Grace leaned forward, reflexively searching for black ice on Route 7, especially when it curved. The road was familiar by now. She had assigned Great Barrington the newly vacant role of “metropolis” in her life and had gotten into the habit of coming here for anything Canaan or Lakeville couldn't handle, which was most things. (Her attachment to the Berkshire Co-Op alone was now so potentially dangerous that it made her former penchant for Eli's on the Upper East Side seem benign—and very economical—in comparison.) She had also managed to lose time in a couple of the better restaurants, the butcher shop, and a shop that sold only antique china, including a complete set of the Haviland now officially promised to her.

It was a pretty town; she had always thought that. It had one of those utterly American Main Streets, but the town itself bent like a hairpin through a couple of areas that—if they were not actual “downtowns”—at least felt like places you might want to park your car and walk around. There were plenty of her own memories here: the long-gone general store where her mother liked the service and the shoes, the Bookloft on Stockbridge Road, where she had spent dusty afternoons ferreting out early psychology tomes, and a massive antiques store where she and Jonathan had bought the landscape of men haying that now hung in their dining room on 81st Street.

Or was it still
their
painting? In
their
dining room? Like everything else in that site-specific museum of the installation previously known as her marriage, she wasn't sure she ever wanted to see it again.

It was steely gray overhead by the time she cleared Lenox and headed northwest to the address Vita had given her. The road left the affluent Berkshire world of Tanglewood and Edith Wharton behind and succumbed to scattered farms and the industrial edges of Pittsfield (home—who could forget?—of a Superfund cleanup site) and the extreme northern boundary of Grace's own childhood territories, if only because she had been taken to the Colonial Theatre here once or twice as a child, and at least once a summer, on stormy days, to the Berkshire Museum. Quite possibly Vita had come with her on one of those expeditions while staying with Grace at the lake house, and how strange it was to think that a place she herself had once introduced her friend to was now the place Vita worked and had made a life. Pittsfield was one of those old towns you drove through to get to somewhere else, or because that's where the train or the bus actually let you off. It was a place in headlong decline: full of formerly grand homes, now in slightly scary neighborhoods, and formerly sylvan parks you might want to think twice about entering at night.

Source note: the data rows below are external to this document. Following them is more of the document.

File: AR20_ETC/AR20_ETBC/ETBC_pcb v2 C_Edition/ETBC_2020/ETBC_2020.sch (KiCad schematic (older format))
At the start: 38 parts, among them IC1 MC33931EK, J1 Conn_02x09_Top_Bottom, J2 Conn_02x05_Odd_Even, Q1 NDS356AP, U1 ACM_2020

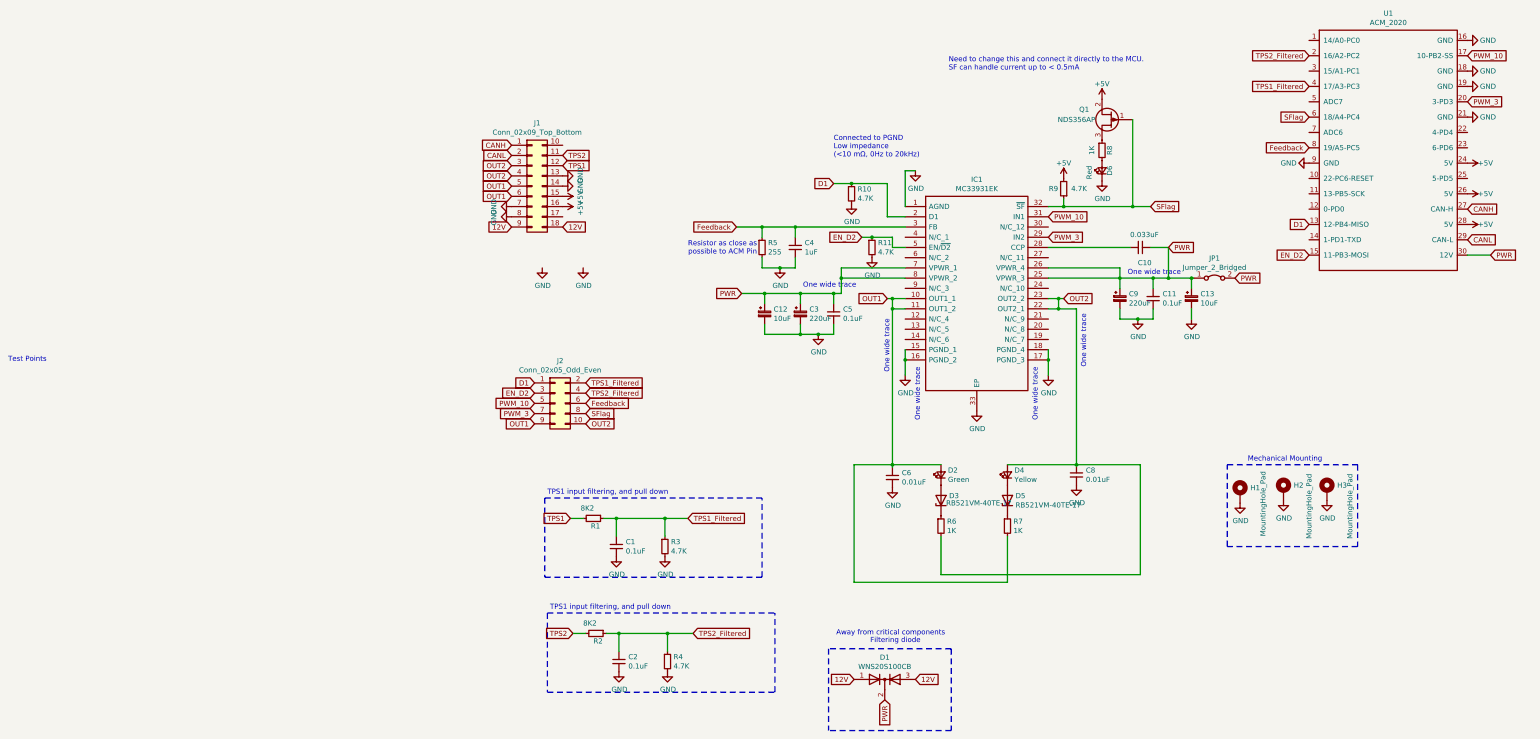
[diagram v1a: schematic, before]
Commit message: V2.3  Better design Done
-New PCB 
-Got rid of superfluous Diode
-Got rid of poor choise Resistors in low pass filter
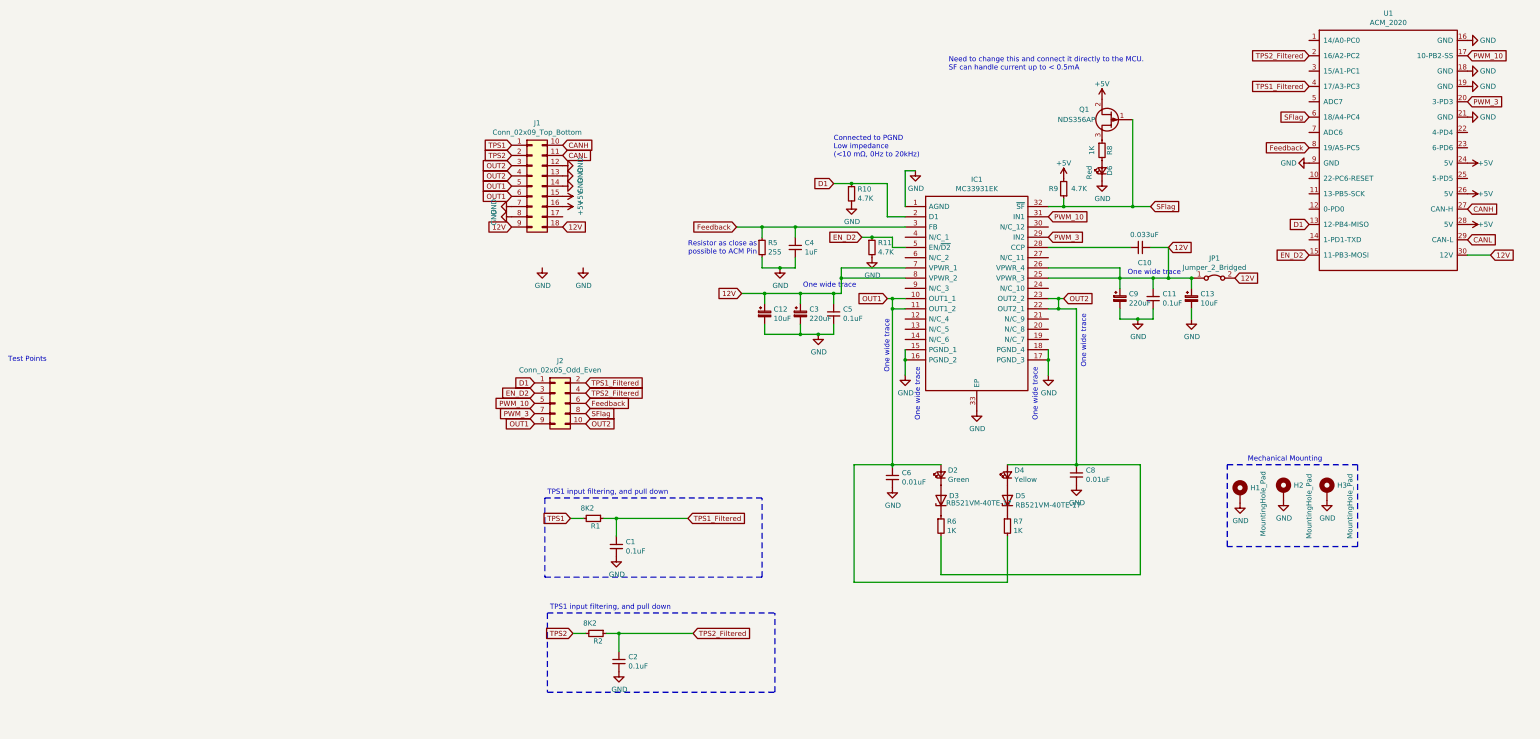
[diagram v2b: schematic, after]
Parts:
- removed D1: WNS20S100CB, Package_TO_SOT_SMD:TO-263-3_TabPin2, symbol Device:D_x2_KCom_AKA
- removed R3, R4: 4.7K, Resistor_SMD:R_0603_1608Metric_Pad1.05x0.95mm_HandSolder, symbol Device:R_Small
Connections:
- net PWR is gone; now on net 12V: C10.1, C11.1, C12.1, C13.1, C3.1, C5.1, C9.1, IC1.25 (VPWR_3), IC1.26 (VPWR_4), IC1.7 (VPWR_1), IC1.8 (VPWR_2), JP1.1 (A), JP1.2 (B), U1.30 (12V)
- net CANH: now also J1.10 (Pin_10); no longer J1.1 (Pin_1)
- net CANL: now also J1.11 (Pin_11); no longer J1.2 (Pin_2)
- net GND: now also J1.12 (Pin_12)
- net TPS1: now also J1.1 (Pin_1); no longer J1.12 (Pin_12)
- net TPS2: now also J1.2 (Pin_2); no longer J1.11 (Pin_11)
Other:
- note removed: "Away from critical components"
- note removed: "Filtering diode"
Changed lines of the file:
@@
 Text GLabel 4650 2775 0    50   Input ~ 0
 EN_D2
-Text GLabel 8300 3175 2    50   Input ~ 0
-PWR
 Connection ~ 7500 3175
 $Comp
@@
 Text GLabel 6475 2775 2    50   Input ~ 0
 PWM_3
-Text GLabel 10800 2950 2    50   Input ~ 0
-PWR
 Wire Wire Line
 	10575 2950 10800 2950
@@
 	1    0    0    -1
 $EndComp
-$Comp
-L Device:R_Small R4
-U 1 1 5E38FCFD
-P 2750 6925
-F 0 "R4" H 2809 6971 50  0000 L CNN
-F 1 "4.7K" H 2809 6880 50  0000 L CNN
-F 2 "Resistor_SMD:R_0603_1608Metric_Pad1.05x0.95mm_HandSolder" H 2750 6925 50  0001 C CNN
-F 3 "~" H 2750 6925 50  0001 C CNN
-F 4 "AR20_ETC_010" H 2750 6925 50  0001 C CNN "AR-ID"
-	1    2750 6925
-	1    0    0    -1
-$EndComp
 Wire Notes Line
 	3675 6100 3675 5325
@@
 Wire Wire Line
 	2275 6650 2275 6825
-Wire Wire Line
-	2275 6650 2750 6650
-Wire Wire Line
-	2750 6650 2750 6825
 Connection ~ 2275 6650
-$Comp
-L power:GND #PWR0120
-U 1 1 5E39A7AF
-P 2750 7025
-F 0 "#PWR0120" H 2750 6775 50  0001 C CNN
-F 1 "GND" H 2755 6852 50  0000 C CNN
-F 2 "" H 2750 7025 50  0001 C CNN
-F 3 "" H 2750 7025 50  0001 C CNN
-	1    2750 7025
-	1    0    0    -1
-$EndComp
 $Comp
 L power:GND #PWR0121
@@
 	1    0    0    -1
 $EndComp
-$Comp
-L Device:R_Small R3
-U 1 1 5E3A3534
-P 2725 5800
-F 0 "R3" H 2784 5846 50  0000 L CNN
-F 1 "4.7K" H 2784 5755 50  0000 L CNN
-F 2 "Resistor_SMD:R_0603_1608Metric_Pad1.05x0.95mm_HandSolder" H 2725 5800 50  0001 C CNN
-F 3 "~" H 2725 5800 50  0001 C CNN
-F 4 "AR20_ETC_010" H 2725 5800 50  0001 C CNN "AR-ID"
-	1    2725 5800
-	1    0    0    -1
-$EndComp
 Wire Wire Line
 	1800 5525 1925 5525
@@
 Wire Wire Line
 	2250 5525 2250 5700
-Wire Wire Line
-	2250 5525 2725 5525
-Wire Wire Line
-	2725 5525 2725 5700
 Connection ~ 2250 5525
-$Comp
-L power:GND #PWR0122
-U 1 1 5E3A3540
-P 2725 5900
-F 0 "#PWR0122" H 2725 5650 50  0001 C CNN
-F 1 "GND" H 2730 5727 50  0000 C CNN
-F 2 "" H 2725 5900 50  0001 C CNN
-F 3 "" H 2725 5900 50  0001 C CNN
-	1    2725 5900
-	1    0    0    -1
-$EndComp
 $Comp
 L power:GND #PWR0123
@@
 	1    0    0    -1
 $EndComp
-Wire Wire Line
-	2950 5525 2725 5525
-Connection ~ 2725 5525
-Wire Wire Line
-	3000 6650 2750 6650
-Connection ~ 2750 6650
 Text GLabel 1225 2275 0    50   Input ~ 0
 OUT1
@@
 	1    0    0    -1
 $EndComp
-Text GLabel 1725 2075 2    50   Input ~ 0
+Text GLabel 1225 1875 0    50   Input ~ 0
 TPS1
-Text GLabel 1725 1975 2    50   Input ~ 0
+Text GLabel 1225 1975 0    50   Input ~ 0
 TPS2
 $Comp
@@
 Text GLabel 10575 2800 2    50   Input ~ 0
 CANL
-Text GLabel 1225 1975 0    50   Input ~ 0
+Text GLabel 1725 1975 2    50   Input ~ 0
 CANL
 $Comp
@@
 Text Notes 4925 4100 1    50   ~ 0
 One wide trace
-Text GLabel 1225 1875 0    50   Input ~ 0
+Text GLabel 1725 1875 2    50   Input ~ 0
 CANH
 $Comp
@@
 Text Notes -3700 4000 0    50   ~ 0
 Test Points
-Text GLabel 3475 3325 0    50   Input ~ 0
-PWR
 $Comp
 L Jumper:Jumper_2_Bridged JP1
@@
 Wire Wire Line
 	7650 3175 7875 3175
-Text GLabel 7650 2875 2    50   Input ~ 0
-PWR
 $Comp
 L power:GND #PWR0134
@@
 	1    0    0    -1
 $EndComp
-Wire Notes Line
-	5525 6800 5525 7600
-Wire Notes Line
-	4325 6800 4325 7600
-Wire Notes Line
-	5525 7600 4325 7600
-Text GLabel 5175 7100 2    50   Input ~ 0
+Text GLabel 8300 3175 2    50   Input ~ 0
 12V
-Text GLabel 4575 7100 0    50   Input ~ 0
+Text GLabel 3475 3325 0    50   Input ~ 0
 12V
-$Comp
-L Device:D_x2_KCom_AKA D1
-U 1 1 5E63A4C5
-P 4875 7100
-F 0 "D1" H 4875 7316 50  0000 C CNN
-F 1 "WNS20S100CB" H 4875 7225 50  0000 C CNN
-F 2 "Package_TO_SOT_SMD:TO-263-3_TabPin2" H 4875 7100 50  0001 C CNN
-F 3 "~" H 4875 7100 50  0001 C CNN
-	1    4875 7100
-	1    0    0    -1
-$EndComp
-Text Notes 4400 6675 0    50   ~ 0
-Away from critical components
-Wire Notes Line
-	5525 6800 4325 6800
-Text GLabel 4875 7300 3    50   Input ~ 0
-PWR
-Text Notes 5225 6750 2    50   ~ 0
-Filtering diode
+Text GLabel 7650 2875 2    50   Input ~ 0
+12V
+Wire Wire Line
+	2250 5525 2950 5525
+Wire Wire Line
+	2275 6650 3000 6650
+Text GLabel 10800 2950 2    50   Input ~ 0
+12V
+$Comp
+L power:GND #PWR?
+U 1 1 5F9B44FA
+P 1725 2075
+F 0 "#PWR?" H 1725 1825 50  0001 C CNN
+F 1 "GND" H 1730 1902 50  0000 C CNN
+F 2 "" H 1725 2075 50  0001 C CNN
+F 3 "" H 1725 2075 50  0001 C CNN
+	1    1725 2075
+	0    -1   -1   0
+$EndComp
 $EndSCHEMATC

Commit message: slight schematics cleanup
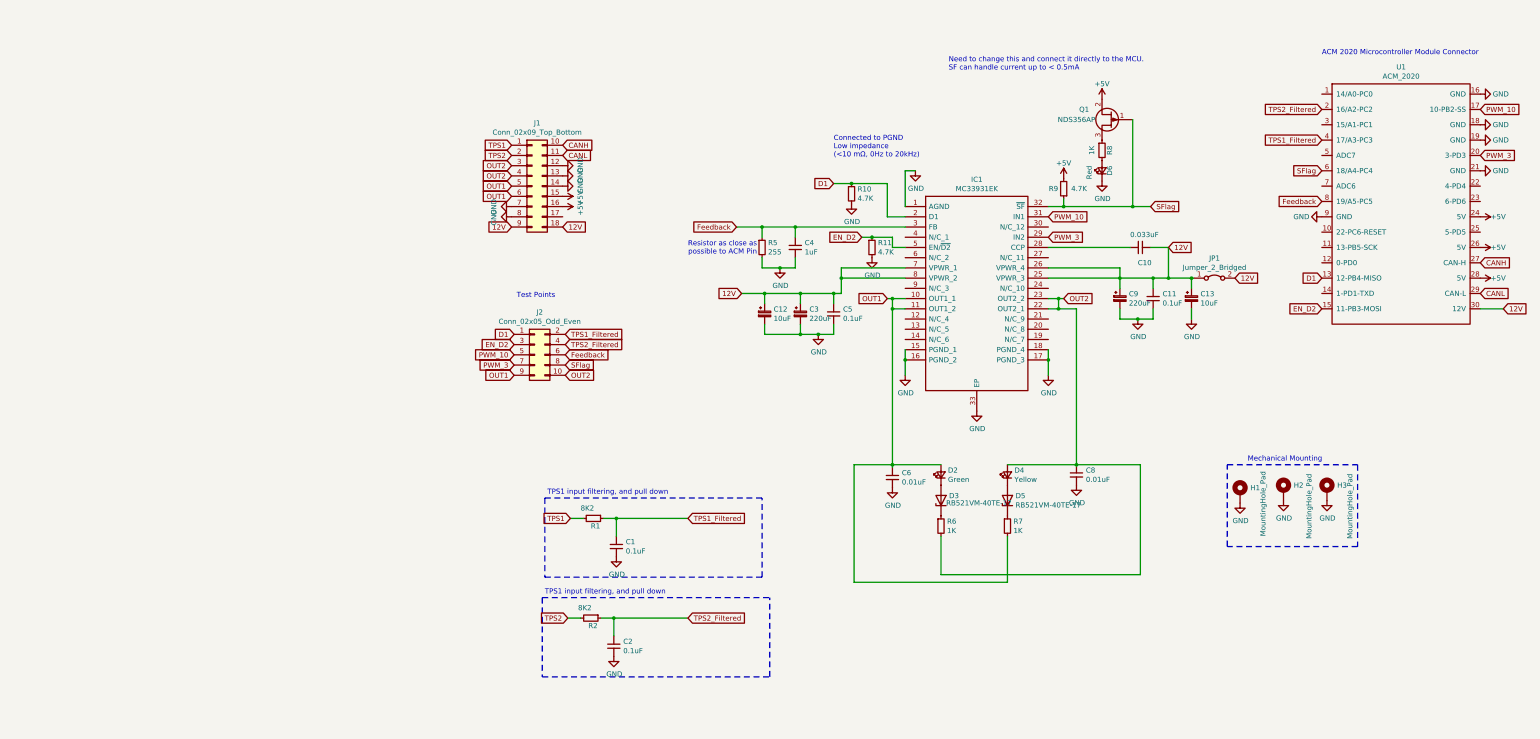
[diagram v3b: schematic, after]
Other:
- note added: "ACM 2020 Microcontroller Module Connector"
- note removed: "One wide trace"
- moved on the sheet: C2, J2, R2, U1

The Porter Center was located in some former Stanley Electric Manufacturing Company buildings, distinctively redbrick, forming a kind of campus, but the sign at the entry (and the guard who emerged as she slowed to read it) directed Grace to a converted residential house in classic white and green, with its own, smaller,
ADMINISTRATION
sign. She parked her car and took another moment to steady herself. Vita, according to the tagline on her e-mail, was the executive director of this place, which seemed to exist not only here on its own postindustrial campus, but in a kind of root system of programs all over the county, as far north as Williamstown and as far south as Great Barrington. According to the website Grace had pored over in the library, it did everything: drug treatment intervention, programs for teen mothers, individual therapy, anxiety and depression groups, and court-mandated courses for substance abusers and sex offenders.
One-stop shopping for mental health
, she thought, taking in the long brick buildings from her own front seat. Years earlier, at the time of her wedding, when she and Vita had both been about to enter graduate school (Vita for social work, Grace in psychology, but with the common goal of becoming therapists specializing in individual therapy), this was not the outcome she had envisioned for her friend.